If you think about why the above method works, it’s because children are given immediate feedback, followed by a process of explanation so individual sounds can be picked out at a granular level.
There are a number of language-learning apps starting to do this. In some cases, there’s a visualization that shows the sound pattern of a native speaker contrasted with your own sound pattern.
In other cases, there’s some kind of score that shows how close to or far away you are from the native speaker’s pronunciation.
I’m a bit skeptical of both approaches, as they don’t work very well for me. I’ve never really felt comfortable modulating my voice in order to match a sound wave visualization.
I’ve never comprehended how a number can help me realize whether I heard and repeated a sound properly. That said, if these systems work for you, then, by all means, keep using them.
Start with the Alphabet
But what method do I use, then? And what strategy is available to the language learner using an approach that doesn’t employ the technology described above?
For my own part, whenever I am diving into a new language or teaching someone a language I already speak, I spend a fair amount of time on the alphabet, with a real focus on vowels.
There are very few alphabets that perfectly replicate all the sounds in a given language.
Anyone who has studied French knows there are many silent letters. Even in English, as I demonstrated at the top of this section, there are two “th” sounds, and the alphabet lacks a single letter to reflect either of them.
Still, we have to start somewhere, and the alphabet is a great place. Why do I spend so much time on vowels?
It’s been my personal experience that consonants are more stable across human languages than vowel combinations. I don’t have any science or statistics handy to back up my claim, but that’s my opinion.
At the same time, vowels and combinations of vowels (sometimes referred to as “diphthongs”) can be a bit more unique and exotic.
Take the Russian vowel “ы”, which is found in the formal word for “you” – Вы.
This letter sounds a bit like the sequence of vowels found in the French word for “yes” – oui.
Of course, while it’s close, it’s not exact, and lots of Russian students have a hard time learning to make this sound perfectly.
Even then, many Russian students have a hard time parsing all the unique vowel combinations that stem from Russian vowel endings.
For example:
faster: быстрее (buistryeye); hers: её (yey-yo); beautiful: прекрасный (prekrasnuiyee)
Those are Russian words in the examples above, but the challenge applies to any language you might be learning, especially if you’re just starting out.

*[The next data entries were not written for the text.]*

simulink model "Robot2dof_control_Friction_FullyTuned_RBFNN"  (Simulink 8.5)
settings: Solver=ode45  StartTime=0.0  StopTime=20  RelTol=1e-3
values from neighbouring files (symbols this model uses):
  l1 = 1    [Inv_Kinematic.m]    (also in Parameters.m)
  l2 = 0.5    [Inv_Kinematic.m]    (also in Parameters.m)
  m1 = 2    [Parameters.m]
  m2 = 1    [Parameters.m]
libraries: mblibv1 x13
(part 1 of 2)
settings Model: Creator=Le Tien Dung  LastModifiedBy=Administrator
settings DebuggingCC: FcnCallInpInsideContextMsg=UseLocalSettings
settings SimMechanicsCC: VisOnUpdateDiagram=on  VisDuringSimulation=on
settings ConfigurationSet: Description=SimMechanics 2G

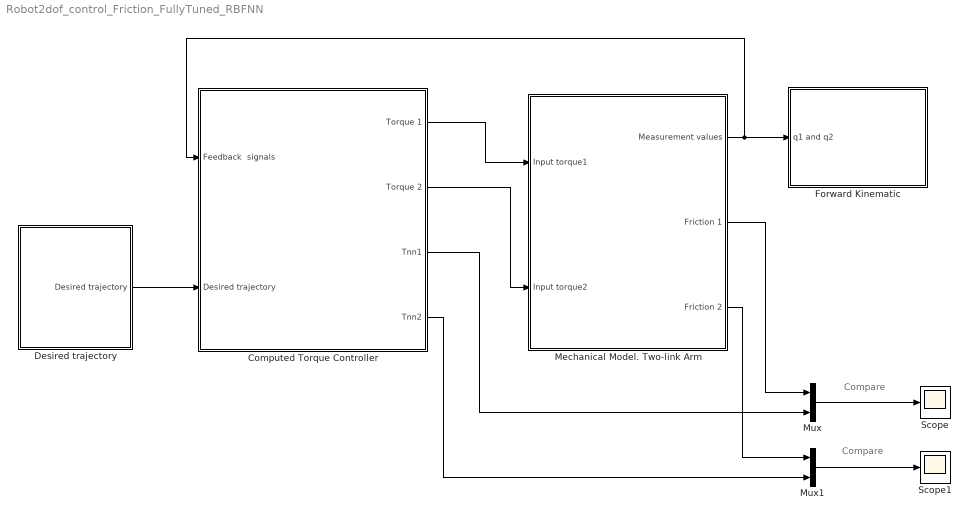
== system Robot2dof_control_Friction_FullyTuned_RBFNN ==
  note: Compare
  note: Compare
  Computed Torque Controller : Subsystem
  Desired trajectory : Subsystem
  Forward Kinematic : Subsystem
  Mechanical Model. Two-link Arm : Subsystem
  Mux : Mux  Inputs=2
  Mux1 : Mux  Inputs=2
  Scope : Scope
  Scope1 : Scope
      settings: SaveName=ScopeData2
  wires:
  Desired trajectory/1(Desired trajectory) -> Computed Torque Controller/2(Desired trajectory)
  Computed Torque Controller/1(Torque 1) -> Mechanical Model. Two-link Arm/1(Input torque1)
  Computed Torque Controller/2(Torque 2) -> Mechanical Model. Two-link Arm/2(Input torque2)
  Mux/1 -> Scope/1
  Mechanical Model. Two-link Arm/2(Friction 1) -> Mux/1
  Mux1/1 -> Scope1/1
  Mechanical Model. Two-link Arm/3(Friction 2) -> Mux1/1
  Mechanical Model. Two-link Arm/1(Measurement values) -> Computed Torque Controller/1(Feedback  signals), Forward Kinematic/1(q1 and q2)
  Computed Torque Controller/4(Tnn2) -> Mux1/2
  Computed Torque Controller/3(Tnn1) -> Mux/2

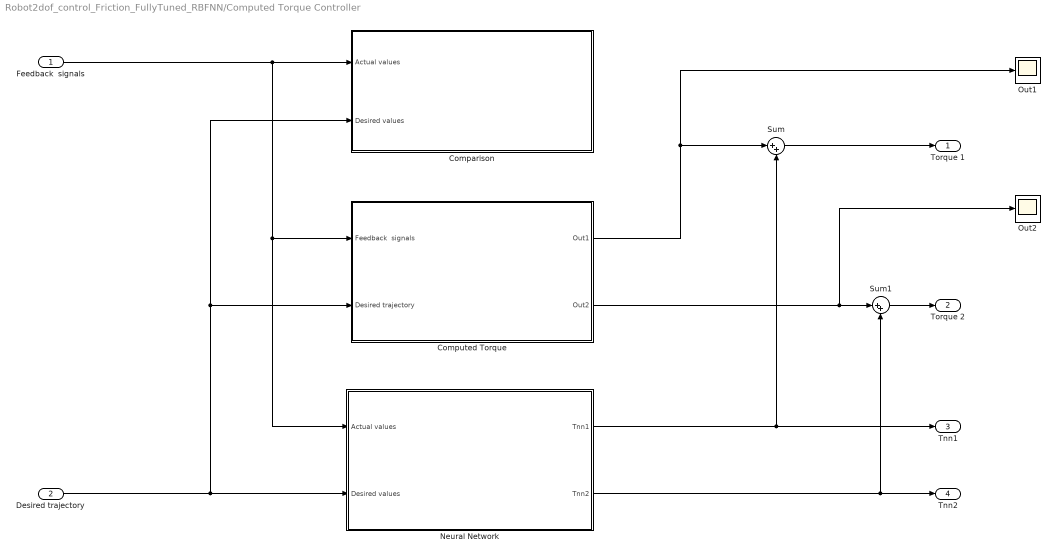
== system Robot2dof_control_Friction_FullyTuned_RBFNN/Computed Torque Controller ==
  Feedback  signals : Inport
  Desired trajectory : Inport  Port=2
  Comparison : Subsystem
  Computed Torque : Subsystem
  "Neural Network " : Subsystem
  Out1 : Scope
      settings: YMin=145.475  YMax=145.875  SaveName=Torque1
  Out2 : Scope
      settings: SaveName=Torque2
  Sum : Sum  Inputs=|++
  Sum1 : Sum  Inputs=|++
  Torque 1 : Outport
  Torque 2 : Outport  Port=2
  Tnn1 : Outport  Port=3
  Tnn2 : Outport  Port=4
  wires:
  Sum/1 -> Torque 1/1
  Sum1/1 -> Torque 2/1
  Computed Torque/1(Out1) -> Out1/1, Sum/1
  Computed Torque/2(Out2) -> Out2/1, Sum1/1
  Feedback  signals/1 -> Computed Torque/1(Feedback  signals), "Neural Network "/1("Actual values "), Comparison/1("Actual values ")
  Desired trajectory/1 -> "Neural Network "/2(Desired values), Comparison/2(Desired values), Computed Torque/2(Desired trajectory)
  "Neural Network "/1(Tnn1) -> Tnn1/1, Sum/2
  "Neural Network "/2(Tnn2) -> Tnn2/1, Sum1/2

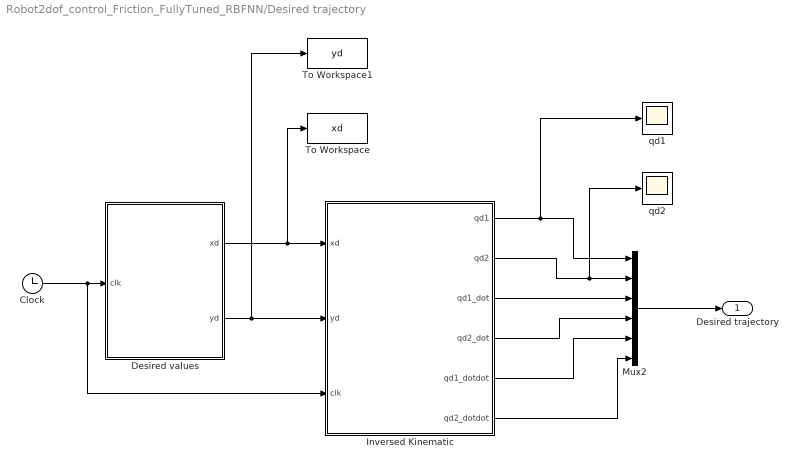
== system Robot2dof_control_Friction_FullyTuned_RBFNN/Desired trajectory ==
  " To Workspace1" : ToWorkspace  VariableName=yd  SaveFormat=Timeseries  SampleTime=-1
  Clock : Clock
  Desired values : MATLAB Function  TreatAsAtomicUnit=on
  Inversed Kinematic : MATLAB Function  TreatAsAtomicUnit=on
  Mux2 : Mux  Inputs=6
  To Workspace : ToWorkspace  VariableName=xd  SaveFormat=Timeseries  SampleTime=-1
  qd1 : Scope
  qd2 : Scope
      settings: SaveName=ScopeData3
  Desired trajectory : Outport
  wires:
  Mux2/1 -> Desired trajectory/1
  Desired values/1(xd) -> Inversed Kinematic/1(xd), To Workspace/1
  Clock/1 -> Desired values/1(clk), Inversed Kinematic/3(clk)
  Desired values/2(yd) -> Inversed Kinematic/2(yd), " To Workspace1"/1
  Inversed Kinematic/1(qd1) -> qd1/1, Mux2/1
  Inversed Kinematic/2(qd2) -> qd2/1, Mux2/2
  Inversed Kinematic/3(qd1_dot) -> Mux2/3
  Inversed Kinematic/4(qd2_dot) -> Mux2/4
  Inversed Kinematic/5(qd1_dotdot) -> Mux2/5
  Inversed Kinematic/6(qd2_dotdot) -> Mux2/6

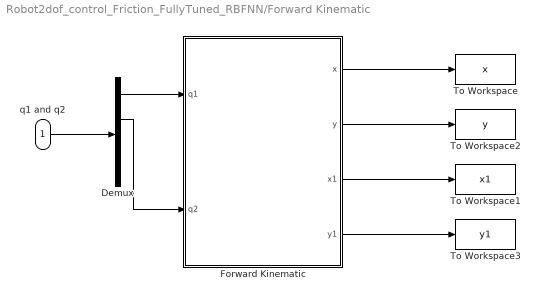
== system Robot2dof_control_Friction_FullyTuned_RBFNN/Forward Kinematic ==
  q1 and q2 : Inport
  Demux : Demux
  Forward Kinematic : MATLAB Function  TreatAsAtomicUnit=on
  To Workspace : ToWorkspace  VariableName=x  SaveFormat=Timeseries  SampleTime=-1
  To Workspace1 : ToWorkspace  VariableName=x1  SaveFormat=Timeseries  SampleTime=-1
  To Workspace2 : ToWorkspace  VariableName=y  SaveFormat=Timeseries  SampleTime=-1
  To Workspace3 : ToWorkspace  VariableName=y1  SaveFormat=Timeseries  SampleTime=-1
  wires:
  Forward Kinematic/4(y1) -> To Workspace3/1
  Demux/1 -> Forward Kinematic/1(q1)
  Forward Kinematic/2(y) -> To Workspace2/1
  Forward Kinematic/3(x1) -> To Workspace1/1
  Forward Kinematic/1(x) -> To Workspace/1
  Demux/2 -> Forward Kinematic/2(q2)
  q1 and q2/1 -> Demux/1

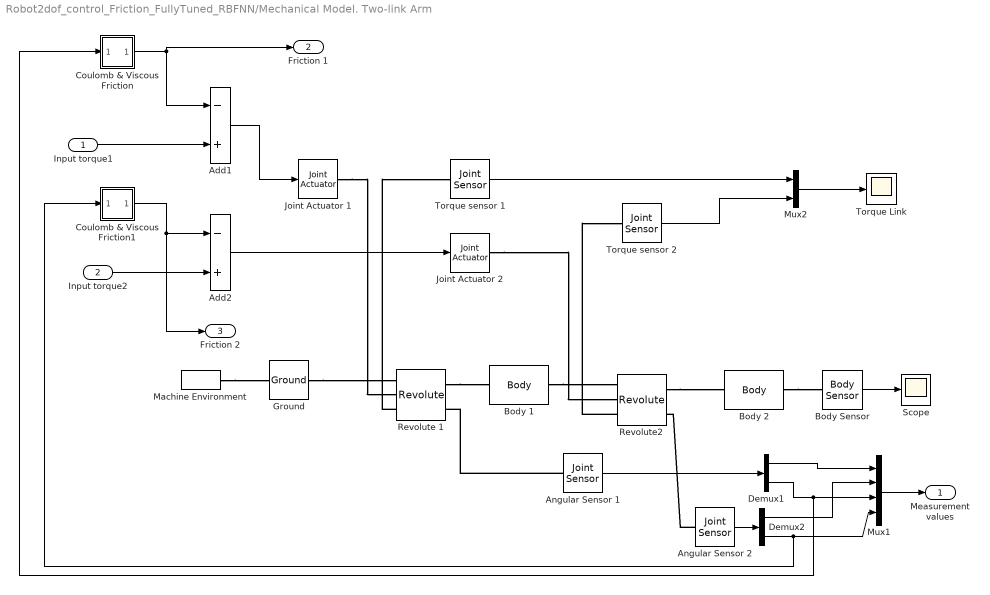
== system Robot2dof_control_Friction_FullyTuned_RBFNN/Mechanical Model. Two-link Arm ==
  Input torque1 : Inport
  Input torque2 : Inport  Port=2
  Add1 : Sum  Inputs=-+
  Add2 : Sum  Inputs=-+
  Angular Sensor 1 : mblibv1/Sensors &  Actuators/Joint Sensor  UpdateFromCAD=off  PhysicalDomain=Mechanical  PortType=blob  Muxed=on  Pose=off  Angle=on  AngleUnits=rad  ArcVelocity=on  ArcVelocityUnits=rad/s  ArcAcceleration=off  ArcAccelerationUnits=deg/s^2  CoordPosition=on  CoordPositionUnits=m  Velocity=off  VelocityUnits=m/s  Acceleration=off  AccelerationUnits=m/s^2  Quaternion=on  QuaternionDT=off  QuaternionDDT=off  QuaternionUnits=off  OutputVector=[1]  ActiveIO=on  Width=2  DialogClass=MechanicalSensorBlock  Primitive=R1  Force=off  ForceUnits=N  Torque=off  TorqueUnits=N*m  ReferenceFrame=Absolute (World)  ReactionSensedSide=Base  ReactionReferenceFrame=Absolute (World)  ReactionForce=off  ReactionForceUnits=N  ReactionMoment=off  ReactionMomentUnits=N*m
  Angular Sensor 2 : mblibv1/Sensors &  Actuators/Joint Sensor  UpdateFromCAD=off  PhysicalDomain=Mechanical  PortType=blob  Muxed=on  Pose=off  Angle=on  AngleUnits=rad  ArcVelocity=on  ArcVelocityUnits=rad/s  ArcAcceleration=off  ArcAccelerationUnits=deg/s^2  CoordPosition=on  CoordPositionUnits=m  Velocity=off  VelocityUnits=m/s  Acceleration=off  AccelerationUnits=m/s^2  Quaternion=on  QuaternionDT=off  QuaternionDDT=off  QuaternionUnits=off  OutputVector=[1]  ActiveIO=on  Width=2  DialogClass=MechanicalSensorBlock  Primitive=R1  Force=off  ForceUnits=N  Torque=off  TorqueUnits=N*m  ReferenceFrame=Absolute (World)  ReactionSensedSide=Base  ReactionReferenceFrame=Absolute (World)  ReactionForce=off  ReactionForceUnits=N  ReactionMoment=off  ReactionMomentUnits=N*m
  Body 1 : mblibv1/Bodies/Body  LConnTagsString=CS1  RConnTagsString=CS2  UpdateFromCAD=off  DialogClass=MechanicalBodyBlock  Mass=m1  MassUnits=kg  InertiaUnits=kg*m^2  Inertia=zeros(3,3)  Shape=Cylinder  ShapeDims=[1 1]  ShapeUnits=m  ShapeUse=false  Density=1  DensityUnits=kg/m^3  DensityUse=false  GraphicsMode=MACHINE_DEFAULT  BodyColorSelMode=MACHINE_DEFAULT  BodyColor=[1 0 0]  AttachedToCS=CG  CG=Left$CG$[l1/2 0 0]$World$World$m$[0 0 0]$Euler X-Y-Z$rad$World$false$none  WorkingFrames=Left$CS1$[0 0 0]$World$World$m$[0 0 0]$Euler X-Y-Z$rad$World$true$none#Right$CS2$[l1 0 0]$World$World$m$[0 0 0]$Euler X-Y-Z$rad$World$true$none  CGPos=[l1/2 0 0]  CGRot=[0 0 0]  CS0Pos=[]  CS0Rot=[]  CS1Pos=[0 0 0]  CS1Rot=[0 0 0]  CS2Pos=[l1 0 0]  CS2Rot=[0 0 0]  CS3Pos=[]  CS3Rot=[]  CS4Pos=[]  CS4Rot=[]  CS5Pos=[]  CS5Rot=[]  CS6Pos=[]  CS6Rot=[]  CS7Pos=[]  CS7Rot=[]  CS8Pos=[]  CS8Rot=[]  CS9Pos=[]  CS9Rot=[]  CS10Pos=[]  CS10Rot=[]  CS11Pos=[]  CS11Rot=[]  CS12Pos=[]  CS12Rot=[]  CS13Pos=[]  CS13Rot=[]  CS14Pos=[]  CS14Rot=[]  CS15Pos=[]  CS15Rot=[]  CS16Pos=[]  CS16Rot=[]  CS17Pos=[]  CS17Rot=[]  CS18Pos=[]  CS18Rot=[]  CS19Pos=[]  CS19Rot=[]  CS20Pos=[]  CS20Rot=[]
  Body 2 : mblibv1/Bodies/Body  LConnTagsString=CS1  RConnTagsString=CS2  UpdateFromCAD=off  DialogClass=MechanicalBodyBlock  Mass=m2  MassUnits=kg  InertiaUnits=kg*m^2  Inertia=zeros(3,3)  Shape=Cylinder  ShapeDims=[1 1]  ShapeUnits=m  ShapeUse=false  Density=1  DensityUnits=kg/m^3  DensityUse=false  GraphicsMode=MACHINE_DEFAULT  BodyColorSelMode=MACHINE_DEFAULT  BodyColor=[1 0 0]  AttachedToCS=CG  CG=Left$CG$[l2/2 0 0]$CS1$CS1$m$[0 0 0]$Euler X-Y-Z$rad$CS1$false$none  WorkingFrames=Left$CS1$[0 0 0]$Adjoining$Adjoining$m$[0 0 0]$Euler X-Y-Z$rad$Adjoining$true$none#Right$CS2$[l2 0 0]$CS1$CS1$m$[0 0 0]$Euler X-Y-Z$rad$CG$true$none  CGPos=[l2/2 0 0]  CGRot=[0 0 0]  CS0Pos=[]  CS0Rot=[]  CS1Pos=[0 0 0]  CS1Rot=[0 0 0]  CS2Pos=[l2 0 0]  CS2Rot=[0 0 0]  CS3Pos=[]  CS3Rot=[]  CS4Pos=[]  CS4Rot=[]  CS5Pos=[]  CS5Rot=[]  CS6Pos=[]  CS6Rot=[]  CS7Pos=[]  CS7Rot=[]  CS8Pos=[]  CS8Rot=[]  CS9Pos=[]  CS9Rot=[]  CS10Pos=[]  CS10Rot=[]  CS11Pos=[]  CS11Rot=[]  CS12Pos=[]  CS12Rot=[]  CS13Pos=[]  CS13Rot=[]  CS14Pos=[]  CS14Rot=[]  CS15Pos=[]  CS15Rot=[]  CS16Pos=[]  CS16Rot=[]  CS17Pos=[]  CS17Rot=[]  CS18Pos=[]  CS18Rot=[]  CS19Pos=[]  CS19Rot=[]  CS20Pos=[]  CS20Rot=[]
  Body Sensor : mblibv1/Sensors &  Actuators/Body Sensor  UpdateFromCAD=off  PhysicalDomain=Mechanical  PortType=blob  Muxed=on  Pose=off  Angle=on  AngleUnits=deg  ArcVelocity=off  ArcVelocityUnits=deg/s  ArcAcceleration=off  ArcAccelerationUnits=deg/s^2  CoordPosition=on  CoordPositionUnits=m  Velocity=off  VelocityUnits=m/s  Acceleration=off  AccelerationUnits=m/s^2  Quaternion=on  QuaternionDT=off  QuaternionDDT=off  QuaternionUnits=off  OutputVector=[1]  ActiveIO=on  Width=3  DialogClass=MechanicalSensorBlock  ReferenceFrame=Absolute (World)
  Coulomb & Viscous Friction : Subsystem  AncestorBlock=simulink/Discontinuities/Coulomb & Viscous Friction  mask(Coulombic and Viscous Friction){offset=0.3, gain=2}
      mask prompts: offset "Coulomb friction value (Offset):"; gain "Coefficient of viscous friction (Gain):"
      mask help:
      | A discontinuity offset at zero models coulomb friction.  Linear gain models viscous friction.
      | y = sign(x) * (Gain * abs(x) + Offset)
      mask init:
      | dblOffset = double(offset(1));
      | dblGain = double(gain(1));
      | x=max(dblOffset,dblGain+dblOffset);
      mask Help:
      | This block has a discontinuity
      | at zero and a linear gain afterward.
      | y= sign(x)*(Gain*abs(x)+Offset)
      mask Display:
      | plot([-1 0 0 1],[-dblGain-dblOffset, -dblOffset, ...
      |     dblOffset, dblGain+dblOffset],...
      |     [-1 1],[0 0],[0 0],[-x,x])
  Coulomb & Viscous Friction1 : Subsystem  AncestorBlock=simulink/Discontinuities/Coulomb & Viscous Friction  mask(Coulombic and Viscous Friction){offset=0.3, gain=2}
      mask prompts: offset "Coulomb friction value (Offset):"; gain "Coefficient of viscous friction (Gain):"
      mask help:
      | A discontinuity offset at zero models coulomb friction.  Linear gain models viscous friction.
      | y = sign(x) * (Gain * abs(x) + Offset)
      mask init:
      | dblOffset = double(offset(1));
      | dblGain = double(gain(1));
      | x=max(dblOffset,dblGain+dblOffset);
      mask Help:
      | This block has a discontinuity
      | at zero and a linear gain afterward.
      | y= sign(x)*(Gain*abs(x)+Offset)
      mask Display:
      | plot([-1 0 0 1],[-dblGain-dblOffset, -dblOffset, ...
      |     dblOffset, dblGain+dblOffset],...
      |     [-1 1],[0 0],[0 0],[-x,x])
  Demux1 : Demux  Outputs=2
  Demux2 : Demux  Outputs=2
  Ground : mblibv1/Bodies/Ground  UpdateFromCAD=off  LeftPortType=env  RightPortType=workingframe  PhysicalDomain=Mechanical  DialogClass=GroundBlock  CoordPosition=[0 0 0]  CoordPositionUnits=m  StateVectorMgrId=1  MachineId=[2 0]  ShowEnvPort=on  ParameterChecksum=[3725278248, 2799600244, 2519587858, 4125248297]  TopologyChecksum=[537926085, 4288578989, 2306256578, 2519465812]
  Joint Actuator 1 : mblibv1/Sensors &  Actuators/Joint Actuator  UpdateFromCAD=off  PhysicalDomain=Mechanical  PortType=blob  ActuationStyle=Force  AngleUnits=deg  ArcVelocityUnits=deg/s  ArcAccelerationUnits=deg/s^2  CoordPositionUnits=m  VelocityUnits=m/s  AccelerationUnits=m/s^2  ForceUnits=N  TorqueUnits=N*m  ActiveIO=on  Width=1  DialogClass=MechanicalActuatorBlock  Primitive=R1  ReferenceFrame=Absolute (World)
  Joint Actuator 2 : mblibv1/Sensors &  Actuators/Joint Actuator  UpdateFromCAD=off  PhysicalDomain=Mechanical  PortType=blob  ActuationStyle=Force  AngleUnits=deg  ArcVelocityUnits=deg/s  ArcAccelerationUnits=deg/s^2  CoordPositionUnits=m  VelocityUnits=m/s  AccelerationUnits=m/s^2  ForceUnits=N  TorqueUnits=N*m  ActiveIO=on  Width=1  DialogClass=MechanicalActuatorBlock  Primitive=R1  ReferenceFrame=Absolute (World)
  Machine Environment : mblibv1/Bodies/Machine Environment  PortType=env  PhysicalDomain=Mechanical  DialogTemplateClass=MECH.MachineEnvironment  SyncWhenCopied=off  Gravity=[0 -9.81 0]  GravityUnits=m/s^2  GravityAsSignal=off  Dimensionality=3D Only  AnalysisType=Forward dynamics  LinearAssemblyTolerance=1e-3  LinearAssemblyToleranceUnits=m  AngularAssemblyTolerance=1e-3  AngularAssemblyToleranceUnits=rad  ConstraintSolverType=Stabilizing  ConstraintRelTolerance=1e-4  ConstraintAbsTolerance=1e-4  UseRobustSingularityHandling=off  RedundancyAnalysisToleranceType=Automatically select tolerance  RedundancyAnalysisTolerance=1e-14  StatePerturbationType=Fixed  PerturbationSize=1e-5  VisualizeMachine=on  BodyVisualizationType=Use model default body geometries  BodyColorSelMode=Use model default  DefaultBodyColor=[1 0 0]
  Mux1 : Mux
  Mux2 : Mux  Inputs=2
  Revolute 1 : mblibv1/Joints/Revolute  LConnTagsString=__newl0|SA1|SA2  RConnTagsString=__newr0|SA1  UpdateFromCAD=off  NumSAPorts=3  CutJoint=off  MarkAsCut=off  Primitives=prismatic  PrimitiveProps=R1$World$[0 0 1]$revolute  DialogClass=JointBlock  R1Axis=[0 0 1]
  Revolute2 : mblibv1/Joints/Revolute  LConnTagsString=__newl0|SA1|SA2  RConnTagsString=__newr0|SA1  UpdateFromCAD=off  NumSAPorts=3  CutJoint=off  MarkAsCut=off  Primitives=prismatic  PrimitiveProps=R1$Base$[0 0 1]$revolute  DialogClass=JointBlock  R1Axis=[0 0 1]
  Scope : Scope
      settings: SaveName=ScopeData6
  Torque Link : Scope
      settings: SaveName=Torq1_task
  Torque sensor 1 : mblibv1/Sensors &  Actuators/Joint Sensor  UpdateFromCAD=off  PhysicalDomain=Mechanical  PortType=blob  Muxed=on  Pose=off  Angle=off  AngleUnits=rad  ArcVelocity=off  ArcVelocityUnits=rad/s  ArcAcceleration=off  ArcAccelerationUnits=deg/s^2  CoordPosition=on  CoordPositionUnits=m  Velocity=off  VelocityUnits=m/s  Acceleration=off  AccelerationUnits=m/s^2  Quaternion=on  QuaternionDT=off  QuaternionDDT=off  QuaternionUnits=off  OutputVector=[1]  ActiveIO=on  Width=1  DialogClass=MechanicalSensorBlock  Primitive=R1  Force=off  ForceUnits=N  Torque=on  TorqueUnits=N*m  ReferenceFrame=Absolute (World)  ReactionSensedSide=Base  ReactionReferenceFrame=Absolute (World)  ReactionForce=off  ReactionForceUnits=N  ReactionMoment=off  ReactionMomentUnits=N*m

So once I get a solid grasp of the alphabet, I make deliberate efforts to read my study materials while listening to proper pronunciation of what I am reading. This works well if you have study materials that include audio files to go along with written content.
Use Google Translate or similar technologies if you’re in a pinch. The pronunciation might not always be perfect, but it’s better than nothing and getting better all the time.
What tends to work for me is a combination of reading silently and reading out loud. Then I’ll listen to an audio file without reading. Then I’ll listen to the audio file while reading, and try it again on my own.
This approach provides many of the benefits that children get when they’re learning a language.
By listening to audio while reading the written text, you’re able to receive immediate feedback on where sounds start and end, and how they tie into the unique sequence of letters you’re learning.
Just Don’t Give Up
Learning to sing on pitch, play an instrument, knit a pair of socks, tie a knot, and hundreds of other skills requires us to develop a feel for the skill we’re developing. Whether it’s words or yarn, it takes time.
We tend to put time into activities we like, so find combinations of language learning activities you enjoy, and don’t worry.
You’ll develop your ear for your language naturally. Probably without noticing, your comprehension of the spoken word will sharpen, and your pronunciation will follow… just as it did when you were a toddler learning your first language – English.